5 Best New Movies On Netflix Instant Streaming
Still trying to figure out whether you’ll need to wear hiking boots, snow shoes, or Wellingtons before venturing outside? Weather is for suckers! Stay inside and fire up the TV for some home entertainment instead. Here are some of our picks for the best and most interesting offerings from Netflix streaming this month.
Finding Neverland (2004)
Before he became a weird, self-conscious parody of himself, Johnny Depp was a spry, sublimely talented actor who would seek out roles that were genuinely interesting to him. Playing Scottish author J.M. Barrie, the creator of Peter Pan, was just such an opportunity. The film posits Barrie’s first meeting the Davies family, four children and a stunning widow (played by Kate Winslet), whom he would go on to befriend. Later, of course, he would be inspired by them to write his seminal children’s novel about a group of kids who don’t want to have to grow up. The performances are rich and nuanced and Marc Forster’s direction is steady and sound. It might not be a homerun, but it’s a solid base hit.

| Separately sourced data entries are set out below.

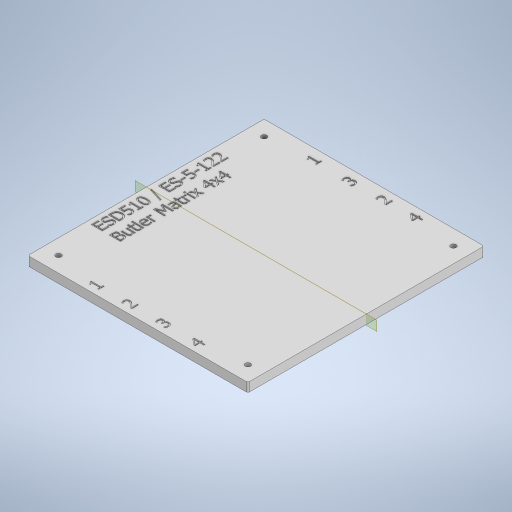
# Autodesk Inventor part: Cover_acryl
Saved by Autodesk Inventor 2023.5 (Build 275446000, 446)
## iProperties
Created: 2025-10-09
Part Number: Cover_acryl
Material: Generic
Document SubType Name: Modeling
Designer: Mikke
Density: 1 g/cm^3
Appearance: Default
Author: Mikke
Autodesk Inventor part; units mm, degrees
(part 1 of 2)
ref_plane "YZ Plane" through (0, 0, 0) normal (1, 0, 0) x (0, 1, 0)
ref_plane "XZ Plane" through (0, 0, 0) normal (0, 1, 0) x (-1, 0, 0)
ref_plane "XY Plane" through (0, 0, 0) normal (0, 0, 1) x (1, 0, 0)
sketch "Sketch1" plane through (0, 0, 0) normal (0, 1, 0) x (-1, 0, 0)
  line L0 (-61, 65.5) -> (61, 65.5)
  line L1 (61, 65.5) -> (61, -65.5)
  line L2 (61, -65.5) -> (-61, -65.5)
  line L3 (-61, -65.5) -> (-61, 65.5)
  line L4 (-61, 65.5) -> (61, -65.5) construction
  line L5 (61, 65.5) -> (-61, -65.5) construction
  point P0 (0, 0)
  dimension "d0" = 122
  dimension "d1" = 131
  constraints: 12 end point, 2 midpoint, 2 parallel, 1 horizontal, 1 perpendicular
  measures "d0" distance of L1.end L2.end
  measures "d1" distance of L0.end L1.end
extrude "Extrusion1" add sketch "Sketch1" along normal blind 5
sketch "Sketch2" plane through (0, 5, 0) normal (0, 1, 0) x (1, 0, 0)
  line L0 (-61, 65.5) -> (-61, -65.5) projected
  line L1 (-61, -65.5) -> (-52.5, -65.5)
  line L2 (-52.5, -65.5) -> (-52.5, -57)
  line L3 (-52.5, -57) -> (-61, -57)
  line L4 (-61, -57) -> (-61, -65.5)
  circle A0 centre (-52.5, -57) radius 1.5
  line L5 (-61, 65.5) -> (-61, -65.5) projected
  line L6 (-61, 65.5) -> (-52.5, 65.5)
  line L7 (-52.5, 65.5) -> (-52.5, 57)
  line L8 (-52.5, 57) -> (-61, 57)
  line L9 (-61, 57) -> (-61, 65.5)
  line L10 (61, 65.5) -> (-61, 65.5) projected
  line L11 (61, 65.5) -> (52.5, 65.5)
  line L12 (52.5, 65.5) -> (52.5, 57)
  line L13 (52.5, 57) -> (61, 57)
  line L14 (61, 57) -> (61, 65.5)
  line L15 (-61, -65.5) -> (61, -65.5) projected
  line L16 (61, -65.5) -> (52.5, -65.5)
  line L17 (52.5, -65.5) -> (52.5, -57)
  line L18 (52.5, -57) -> (61, -57)
  line L19 (61, -57) -> (61, -65.5)
  circle A1 centre (52.5, -57) radius 1.5
  circle A2 centre (52.5, 57) radius 1.5
  circle A3 centre (-52.5, 57) radius 1.5
  point P0 (0, 0)
  dimension "d4" = 8.5
  dimension "d5" = 8.5
  dimension "d6" = 3
  dimension "d7" = 8.5
  dimension "d8" = 8.5
  dimension "d9" = 8.5
  dimension "d10" = 8.5
  dimension "d11" = 8.5
  dimension "d12" = 8.5
  dimension "d13" = 3
  dimension "d14" = 3
  dimension "d15" = 3
  constraints: 32 end point, 8 parallel, 4 centre point, 4 coincident, 4 horizontal, 4 perpendicular
  measures "d4" distance of L3.end L2.end
  measures "d5" distance of L2.end L1.end
  measures "d6" diameter of A0
  measures "d7" distance of L7.end L8.end
  measures "d8" distance of L6.end L7.end
  measures "d9" distance of L13.end L12.end
  measures "d10" distance of L12.end L11.end
  measures "d11" distance of L17.end L18.end
  measures "d12" distance of L16.end L17.end
  measures "d13" diameter of A1
  measures "d14" diameter of A2
  measures "d15" diameter of A3
extrude "Extrusion2" cut sketch "Sketch2" against normal blind 5 contours A3 L7 L8 | L8 L7 A3 | A0 L2 L3 | L3 L2 A0 | A2 L13 L12 | L12 L13 A2 | A1 L18 L17 | L17 L18 A1
fillet "Fillet1" radius 1 4 edges at (61, 2.5, 65.5) (61, 2.5, -65.5) (-61, 2.5, -65.5) (-61, 2.5, 65.5)
sketch "Sketch4" plane through (0, 5, 0) normal (0, 1, 0) x (1, 0, 0)
  line L0 (-60, -65.5) -> (60, -65.5) projected
  line L1 (60, 65.5) -> (-60, 65.5) projected
  line L2 (0, -65.5) -> (-9.425, -65.5)
  line L3 (0, -65.5) -> (9.425, -65.5)
  line L4 (-9.425, -65.5) -> (-28.275, -65.5)
  line L5 (9.425, -65.5) -> (28.275, -65.5)
  line L6 (24.7297, -62.6951) -> (24.7297, -58.1177) construction
  line L7 (24.7297, -58.1177) -> (30.8297, -58.1177) construction
  line L8 (30.8297, -58.1177) -> (30.8297, -62.6951) construction
  line L9 (30.8297, -62.6951) -> (24.7297, -62.6951) construction
  line L10 (-31.1768, -63.0534) -> (-31.1768, -58.4759) construction
  line L11 (-31.1768, -58.4759) -> (-25.057, -58.4759) construction
  line L12 (-25.057, -58.4759) -> (-25.057, -63.0534) construction
  line L13 (-25.057, -63.0534) -> (-31.1768, -63.0534) construction
  line L14 (-12.8022, -62.7702) -> (-12.8022, -58.1927) construction
  line L15 (-12.8022, -58.1927) -> (-6.5737, -58.1927) construction
  line L16 (-6.5737, -58.1927) -> (-6.5737, -62.7702) construction
  line L17 (-6.5737, -62.7702) -> (-12.8022, -62.7702) construction
  line L18 (5.8471, -62.6329) -> (5.8471, -58.0555) construction
  line L19 (5.8471, -58.0555) -> (12.2041, -58.0555) construction
  line L20 (12.2041, -58.0555) -> (12.2041, -62.6329) construction
  line L21 (12.2041, -62.6329) -> (5.8471, -62.6329) construction
  line L22 (-28.275, -65.5) -> (-28.275, 65.5)
  line L23 (25.0797, 57.6837) -> (25.0797, 62.2611) construction
  line L24 (25.0797, 62.2611) -> (31.1797, 62.2611) construction
  line L25 (31.1797, 62.2611) -> (31.1797, 57.6837) construction
  line L26 (31.1797, 57.6837) -> (25.0797, 57.6837) construction
  line L27 (-30.8268, 57.3254) -> (-30.8268, 61.9029) construction
  line L28 (-30.8268, 61.9029) -> (-24.707, 61.9029) construction
  line L29 (-24.707, 61.9029) -> (-24.707, 57.3254) construction
  line L30 (-24.707, 57.3254) -> (-30.8268, 57.3254) construction
  line L31 (7.8308, 57.6086) -> (7.8308, 62.1861) construction
  line L32 (7.8308, 62.1861) -> (14.0593, 62.1861) construction
  line L33 (14.0593, 62.1861) -> (14.0593, 57.6086) construction
  line L34 (14.0593, 57.6086) -> (7.8308, 57.6086) construction
  line L35 (-10.5783, 57.1359) -> (-10.5783, 61.7133) construction
  line L36 (-10.5783, 61.7133) -> (-4.2212, 61.7133) construction
  line L37 (-4.2212, 61.7133) -> (-4.2212, 57.1359) construction
  line L38 (-4.2212, 57.1359) -> (-10.5783, 57.1359) construction
  line L39 (-25.057, -59.1531) -> (-25.057, -62.129)
  line L40 (-25.057, -62.129) -> (-25.6799, -62.129)
  line L41 (-25.6799, -62.129) -> (-25.6799, -61.0217)
  line L42 (-25.6799, -61.0217) -> (-29.768, -61.0217)
  line L43 (-29.768, -61.0217) -> (-29.768, -62.129)
  line L44 (-29.768, -62.129) -> (-30.3266, -62.129)
  spline S0 degree 2 poles (-30.3266, -62.129) (-30.3266, -61.5012) (-30.6825, -60.908) (-31.1768, -60.8684) knots 0 0 0 1 2 2 2
  line L45 (-31.1768, -60.8684) -> (-31.1768, -60.2357)
  line L46 (-31.1768, -60.2357) -> (-25.6799, -60.2357)
  line L47 (-25.6799, -60.2357) -> (-25.6799, -59.1531)
  line L48 (-25.6799, -59.1531) -> (-25.057, -59.1531)
  line L49 (-6.5737, -58.5635) -> (-6.5737, -62.3253)
  line L50 (-6.5737, -62.3253) -> (-7.4388, -62.3253)
  spline S1 degree 2 poles (-7.4388, -62.3253) (-7.8194, -61.9199) (-8.5263, -61.1982) (-8.9069, -60.8522) knots 0 0 0 1 2 2 2
  spline S2 degree 2 poles (-8.9069, -60.8522) (-9.6731, -60.1552) (-10.5926, -59.646) (-11.0819, -59.646) knots 0 0 0 1 2 2 2
  spline S3 degree 2 poles (-11.0819, -59.646) (-11.339, -59.646) (-11.7246, -59.8042) (-11.8482, -59.9476) knots 0 0 0 1 2 2 2
  spline S4 degree 2 poles (-11.8482, -59.9476) (-11.9717, -60.0909) (-12.0953, -60.4666) (-12.0953, -60.694) knots 0 0 0 1 2 2 2
  spline S5 degree 2 poles (-12.0953, -60.694) (-12.0953, -60.9115) (-11.9866, -61.3564) (-11.9025, -61.5591) knots 0 0 0 1 2 2 2
  spline S6 degree 2 poles (-11.9025, -61.5591) (-11.8333, -61.7321) (-11.6356, -62.0534) (-11.5664, -62.1523) knots 0 0 0 1 2 2 2
  line L51 (-11.5664, -62.1523) -> (-11.5664, -62.1968)
  line L52 (-11.5664, -62.1968) -> (-12.4364, -62.1968)
  spline S7 degree 2 poles (-12.4364, -62.1968) (-12.56, -61.9447) (-12.8022, -61.04) (-12.8022, -60.6347) knots 0 0 0 1 2 2 2
  spline S8 degree 2 poles (-12.8022, -60.6347) (-12.8022, -59.7795) (-11.8976, -58.8156) (-11.1264, -58.8156) knots 0 0 0 1 2 2 2
  spline S9 degree 2 poles (-11.1264, -58.8156) (-10.7656, -58.8156) (-10.1625, -58.9836) (-9.9054, -59.1319) knots 0 0 0 1 2 2 2
  spline S10 degree 2 poles (-9.9054, -59.1319) (-9.6385, -59.2802) (-9.1145, -59.7103) (-8.8624, -59.9476) knots 0 0 0 1 2 2 2
  spline S11 degree 2 poles (-8.8624, -59.9476) (-8.4422, -60.3331) (-7.5426, -61.2773) (-7.2806, -61.5591) knots 0 0 0 1 2 2 2
  line L53 (-7.2806, -61.5591) -> (-7.2806, -58.5635)
  line L54 (-7.2806, -58.5635) -> (-6.5737, -58.5635)
  spline S12 degree 2 poles (6.554, -60.5419) (6.554, -60.7644) (6.6627, -61.2043) (6.7467, -61.4169) knots 0 0 0 1 2 2 2
  spline S13 degree 2 poles (6.7467, -61.4169) (6.8308, -61.6146) (7.0087, -61.9063) (7.0878, -62.02) knots 0 0 0 1 2 2 2
  line L55 (7.0878, -62.02) -> (7.0878, -62.0694)
  line L56 (7.0878, -62.0694) -> (6.2228, -62.0694)
  spline S14 degree 2 poles (6.2228, -62.0694) (6.0794, -61.8025) (5.8471, -60.888) (5.8471, -60.4777) knots 0 0 0 1 2 2 2
  spline S15 degree 2 poles (5.8471, -60.4777) (5.8471, -60.0624) (6.0151, -59.4445) (6.1931, -59.1924) knots 0 0 0 1 2 2 2
  spline S16 degree 2 poles (6.1931, -59.1924) (6.3859, -58.9255) (6.9445, -58.6487) (7.3202, -58.6487) knots 0 0 0 1 2 2 2
  spline S17 degree 2 poles (7.3202, -58.6487) (7.8244, -58.6487) (8.5856, -59.3111) (8.6845, -59.7757) knots 0 0 0 1 2 2 2
  line L57 (8.6845, -59.7757) -> (8.7438, -59.7757)
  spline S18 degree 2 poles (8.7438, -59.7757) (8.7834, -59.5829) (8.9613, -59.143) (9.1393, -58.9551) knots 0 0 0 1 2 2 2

30 for 30: Of Miracles and Men (2015)
In this country, it’s known as the “Miracle on Ice,” the defeating of the Soviet Olympic hockey machine back in the Lake Placid games in 1980. It endures as one of the greatest and most surprising upsets in the history of organized sport, but for the Russian players, it’s been an embarrassing burden they’ve all had to endure in the four-and-a-half decades since that fateful night. Jonathan Hock’s excellent, probing documentary examines the players who were on the wrong side of the score that night and finds a fascinating group of men, many of whom warm and funny, as they reminisce about the night that forever changed the course of their lives, and everything they endured to get there in the first place.
Cesar Chavez (2014)
Biopics are usually guilty of trying to cram too much of a person’s life into an extremely narrow two-hour frame, using all sorts of cheap shortcuts to get to the “greatest hits” moments. In truth, Diego Luna’s film about the unlikely champion of civil rights and organized labor falls prey to some of those traps, but it does enough other things well to remain well worth watching. It helps to have someone as talented as Michael Peña in the lead role, but it’s also Chavez’ life story, culminating in his time as the head of the United Farm Workers union, which almost can’t help but be fascinating, even displayed as it is in brief, dramatized snippets.
How to Train Your Dragon 2 (2014)
As far as kid’s movies go, anything that isn’t incessantly loud, blaring, fart-jokey, or thoroughly asinine is ahead of the game in my book. The first Dragon film was a welcome surprise, a warm, good-hearted tale about a boy and a fearsome dragon who became friends. The sequel, amazingly enough, follows suit, creating an eminently watchable fable about bridging differences and finding common ground. Would I not have a 9-year-old in tow, I’m not sure I would be going out of my way to see it, but if you are similarly burdened (joyfully! joyfully!), you could do much, much worse than cracking this one open. Featuring the considerable vocal talents of everyone from Cate Blanchett to Djimon Hounsou. (Available March 11th)
Life Itself (2014)
You might have mixed opinions about the late Roger Ebert, prolific film critic, TV personality, possessor of thumbs, but after watching Steve James’s moving documentary about Ebert’s life and painful death—he contracted cancer of the tongue and ultimately had to have the entire lower part of his face removed—you will most certainly come away with a great deal of respect for the man. In his later years, especially after he lost the ability to speak (and his sonorous voice was forever silenced), he seemed to become a great deal more humane, and his writing, always prolific, was deeper, richer, and more connected to his soul. A surprisingly engaging and emotionally fulfilling film, which is pretty much the best epitaph imaginable for him. (Available March 19th.)